### What to produce
In the entries that follow, the line with "#16147 = CARTESIAN_POINT" opens the range and the line with "#20005 = LINE ( 'NONE', #9015, #2185 ) ;" closes it; repeat that range exactly, both lines included.

___ Extracted records ___

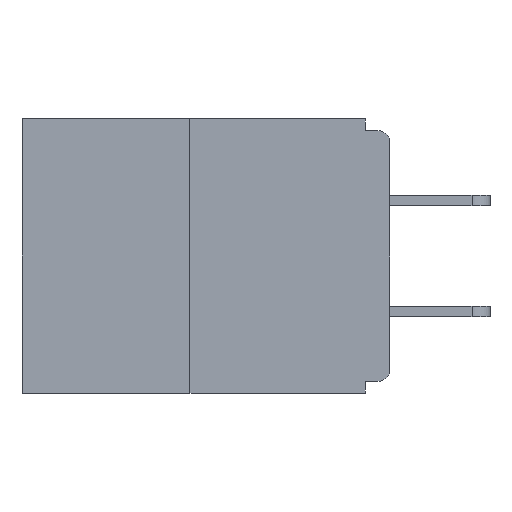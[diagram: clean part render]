
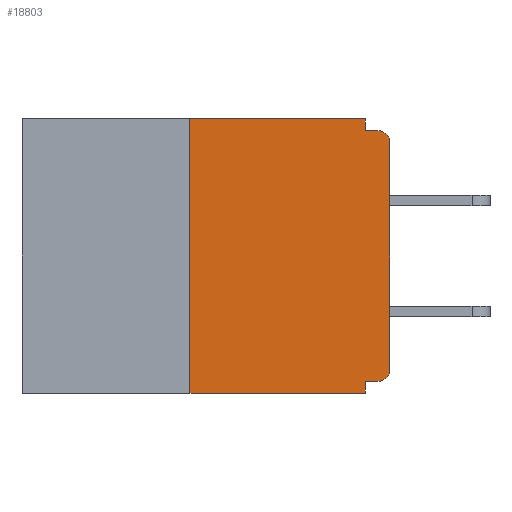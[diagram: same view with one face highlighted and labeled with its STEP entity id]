
A CAD part, left-side view. The second image highlights one B-rep face of the part: STEP entity #18803.
In plain terms, the highlighted planar face has unit normal (-1, 0, 0).
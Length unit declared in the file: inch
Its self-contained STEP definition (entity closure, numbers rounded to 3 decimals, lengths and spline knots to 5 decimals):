
#410 = DIRECTION ( 'NONE',  ( 0., 1., 0. ) ) ;
#750 = CARTESIAN_POINT ( 'NONE',  ( 0., 0.25, 0. ) ) ;
#925 = CARTESIAN_POINT ( 'NONE',  ( 0., 0., -0.015 ) ) ;
#1003 = VERTEX_POINT ( 'NONE', #12629 ) ;
#1491 = CIRCLE ( 'NONE', #10321, 0.015 ) ;
#1729 = CARTESIAN_POINT ( 'NONE',  ( 0., 0.46, 0. ) ) ;
#1883 = LINE ( 'NONE', #19859, #7733 ) ;
#2185 = VECTOR ( 'NONE', #22420, 39.37008 ) ;
#2593 = ORIENTED_EDGE ( 'NONE', *, *, #17401, .T. ) ;
#2655 = DIRECTION ( 'NONE',  ( 0., -1., 0. ) ) ;
#3316 = ORIENTED_EDGE ( 'NONE', *, *, #20832, .F. ) ;
#3767 = CARTESIAN_POINT ( 'NONE',  ( 0., 0.46, 0. ) ) ;
#3983 = EDGE_CURVE ( 'NONE', #19490, #24828, #1491, .T. ) ;
#4748 = LINE ( 'NONE', #6777, #24978 ) ;
#5084 = ORIENTED_EDGE ( 'NONE', *, *, #11963, .F. ) ;
#5513 = CARTESIAN_POINT ( 'NONE',  ( 0., 0.015, -0.313 ) ) ;
#5598 = CARTESIAN_POINT ( 'NONE',  ( 0., 0.031, 0. ) ) ;
#5906 = DIRECTION ( 'NONE',  ( 0., -1., 0. ) ) ;
#5937 = VERTEX_POINT ( 'NONE', #17418 ) ;
#6410 = EDGE_CURVE ( 'NONE', #5937, #24828, #21658, .T. ) ;
#6437 = EDGE_CURVE ( 'NONE', #18816, #24362, #4748, .T. ) ;
#6777 = CARTESIAN_POINT ( 'NONE',  ( 0., 0.46, -0.343 ) ) ;
#7067 = CARTESIAN_POINT ( 'NONE',  ( 0., 0.031, -0.343 ) ) ;
#7154 = CARTESIAN_POINT ( 'NONE',  ( 0., 0., -0.03 ) ) ;
#7733 = VECTOR ( 'NONE', #13689, 39.37008 ) ;
#7838 = ORIENTED_EDGE ( 'NONE', *, *, #21858, .F. ) ;
#8148 = VECTOR ( 'NONE', #24106, 39.37008 ) ;
#8566 = DIRECTION ( 'NONE',  ( 0., -1., 0. ) ) ;
#9015 = CARTESIAN_POINT ( 'NONE',  ( 0., 0., 0. ) ) ;
#9308 = AXIS2_PLACEMENT_3D ( 'NONE', #1729, #15479, #13937 ) ;
#9670 = LINE ( 'NONE', #750, #17391 ) ;
#9984 = VECTOR ( 'NONE', #2655, 39.37008 ) ;
#10268 = LINE ( 'NONE', #16147, #8148 ) ;
#10321 = AXIS2_PLACEMENT_3D ( 'NONE', #15488, #17297, #21254 ) ;
#11264 = AXIS2_PLACEMENT_3D ( 'NONE', #5513, #19249, #20960 ) ;
#11670 = ORIENTED_EDGE ( 'NONE', *, *, #12002, .F. ) ;
#11860 = CARTESIAN_POINT ( 'NONE',  ( 0., 0.015, -0.328 ) ) ;
#11963 = EDGE_CURVE ( 'NONE', #18816, #1003, #9670, .T. ) ;
#12002 = EDGE_CURVE ( 'NONE', #21850, #24362, #10268, .T. ) ;
#12173 = CARTESIAN_POINT ( 'NONE',  ( 0., 0., -0.328 ) ) ;
#12629 = CARTESIAN_POINT ( 'NONE',  ( 0., 0.25, 0. ) ) ;
#12688 = VERTEX_POINT ( 'NONE', #11860 ) ;
#13689 = DIRECTION ( 'NONE',  ( 0., 0., -1. ) ) ;
#13859 = CARTESIAN_POINT ( 'NONE',  ( 0., 0.25, -0.343 ) ) ;
#13937 = DIRECTION ( 'NONE',  ( 0., 0., -1. ) ) ;
#14612 = VECTOR ( 'NONE', #410, 39.37008 ) ;
#15479 = DIRECTION ( 'NONE',  ( 1., 0., 0. ) ) ;
#15483 = VERTEX_POINT ( 'NONE', #25309 ) ;
#15488 = CARTESIAN_POINT ( 'NONE',  ( 0., 0.015, -0.03 ) ) ;
#15566 = CIRCLE ( 'NONE', #11264, 0.015 ) ;
#15928 = VECTOR ( 'NONE', #5906, 39.37008 ) ;
#16147 = CARTESIAN_POINT ( 'NONE',  ( 0., 0.031, -0.343 ) ) ;
#16234 = DIRECTION ( 'NONE',  ( 0., 0., 1. ) ) ;
#16751 = CARTESIAN_POINT ( 'NONE',  ( 0., 0.015, -0.015 ) ) ;
#17297 = DIRECTION ( 'NONE',  ( -1., 0., 0. ) ) ;
#17391 = VECTOR ( 'NONE', #16234, 39.37008 ) ;
#17396 = LINE ( 'NONE', #12173, #14612 ) ;
#17401 = EDGE_CURVE ( 'NONE', #12688, #15483, #15566, .T. ) ;
#17418 = CARTESIAN_POINT ( 'NONE',  ( 0., 0.031, -0.015 ) ) ;
#18769 = ORIENTED_EDGE ( 'NONE', *, *, #3983, .T. ) ;
#18803 = ADVANCED_FACE ( 'NONE', ( #19496 ), #23701, .F. ) ;
#18816 = VERTEX_POINT ( 'NONE', #13859 ) ;
#19249 = DIRECTION ( 'NONE',  ( -1., 0., 0. ) ) ;
#19490 = VERTEX_POINT ( 'NONE', #7154 ) ;
#19496 = FACE_OUTER_BOUND ( 'NONE', #22868, .T. ) ;
#19859 = CARTESIAN_POINT ( 'NONE',  ( 0., 0.031, 0. ) ) ;
#20005 = LINE ( 'NONE', #9015, #2185 ) ;
#20429 = EDGE_CURVE ( 'NONE', #15483, #19490, #20005, .T. ) ;
#20832 = EDGE_CURVE ( 'NONE', #22629, #5937, #1883, .T. ) ;
#20960 = DIRECTION ( 'NONE',  ( 0., 0., -1. ) ) ;
#21254 = DIRECTION ( 'NONE',  ( 0., 0., -1. ) ) ;
#21658 = LINE ( 'NONE', #925, #9984 ) ;
#21850 = VERTEX_POINT ( 'NONE', #23577 ) ;
#21858 = EDGE_CURVE ( 'NONE', #1003, #22629, #23891, .T. ) ;
#22073 = ORIENTED_EDGE ( 'NONE', *, *, #20429, .T. ) ;
#22420 = DIRECTION ( 'NONE',  ( 0., 0., 1. ) ) ;
#22629 = VERTEX_POINT ( 'NONE', #5598 ) ;
#22868 = EDGE_LOOP ( 'NONE', ( #7838, #5084, #23002, #11670, #25047, #2593, #22073, #18769, #23406, #3316 ) ) ;
#23002 = ORIENTED_EDGE ( 'NONE', *, *, #6437, .T. ) ;
#23274 = EDGE_CURVE ( 'NONE', #12688, #21850, #17396, .T. ) ;
#23406 = ORIENTED_EDGE ( 'NONE', *, *, #6410, .F. ) ;
#23577 = CARTESIAN_POINT ( 'NONE',  ( 0., 0.031, -0.328 ) ) ;
#23701 = PLANE ( 'NONE',  #9308 ) ;
#23891 = LINE ( 'NONE', #3767, #15928 ) ;
#24106 = DIRECTION ( 'NONE',  ( 0., 0., -1. ) ) ;
#24362 = VERTEX_POINT ( 'NONE', #7067 ) ;
#24828 = VERTEX_POINT ( 'NONE', #16751 ) ;
#24978 = VECTOR ( 'NONE', #8566, 39.37008 ) ;
#25047 = ORIENTED_EDGE ( 'NONE', *, *, #23274, .F. ) ;
#25309 = CARTESIAN_POINT ( 'NONE',  ( 0., 0., -0.313 ) ) ;

___

### Answer to this problem
#16147 = CARTESIAN_POINT ( 'NONE',  ( 0., 0.031, -0.343 ) ) ;
#16234 = DIRECTION ( 'NONE',  ( 0., 0., 1. ) ) ;
#16751 = CARTESIAN_POINT ( 'NONE',  ( 0., 0.015, -0.015 ) ) ;
#17297 = DIRECTION ( 'NONE',  ( -1., 0., 0. ) ) ;
#17391 = VECTOR ( 'NONE', #16234, 39.37008 ) ;
#17396 = LINE ( 'NONE', #12173, #14612 ) ;
#17401 = EDGE_CURVE ( 'NONE', #12688, #15483, #15566, .T. ) ;
#17418 = CARTESIAN_POINT ( 'NONE',  ( 0., 0.031, -0.015 ) ) ;
#18769 = ORIENTED_EDGE ( 'NONE', *, *, #3983, .T. ) ;
#18803 = ADVANCED_FACE ( 'NONE', ( #19496 ), #23701, .F. ) ;
#18816 = VERTEX_POINT ( 'NONE', #13859 ) ;
#19249 = DIRECTION ( 'NONE',  ( -1., 0., 0. ) ) ;
#19490 = VERTEX_POINT ( 'NONE', #7154 ) ;
#19496 = FACE_OUTER_BOUND ( 'NONE', #22868, .T. ) ;
#19859 = CARTESIAN_POINT ( 'NONE',  ( 0., 0.031, 0. ) ) ;
#20005 = LINE ( 'NONE', #9015, #2185 ) ;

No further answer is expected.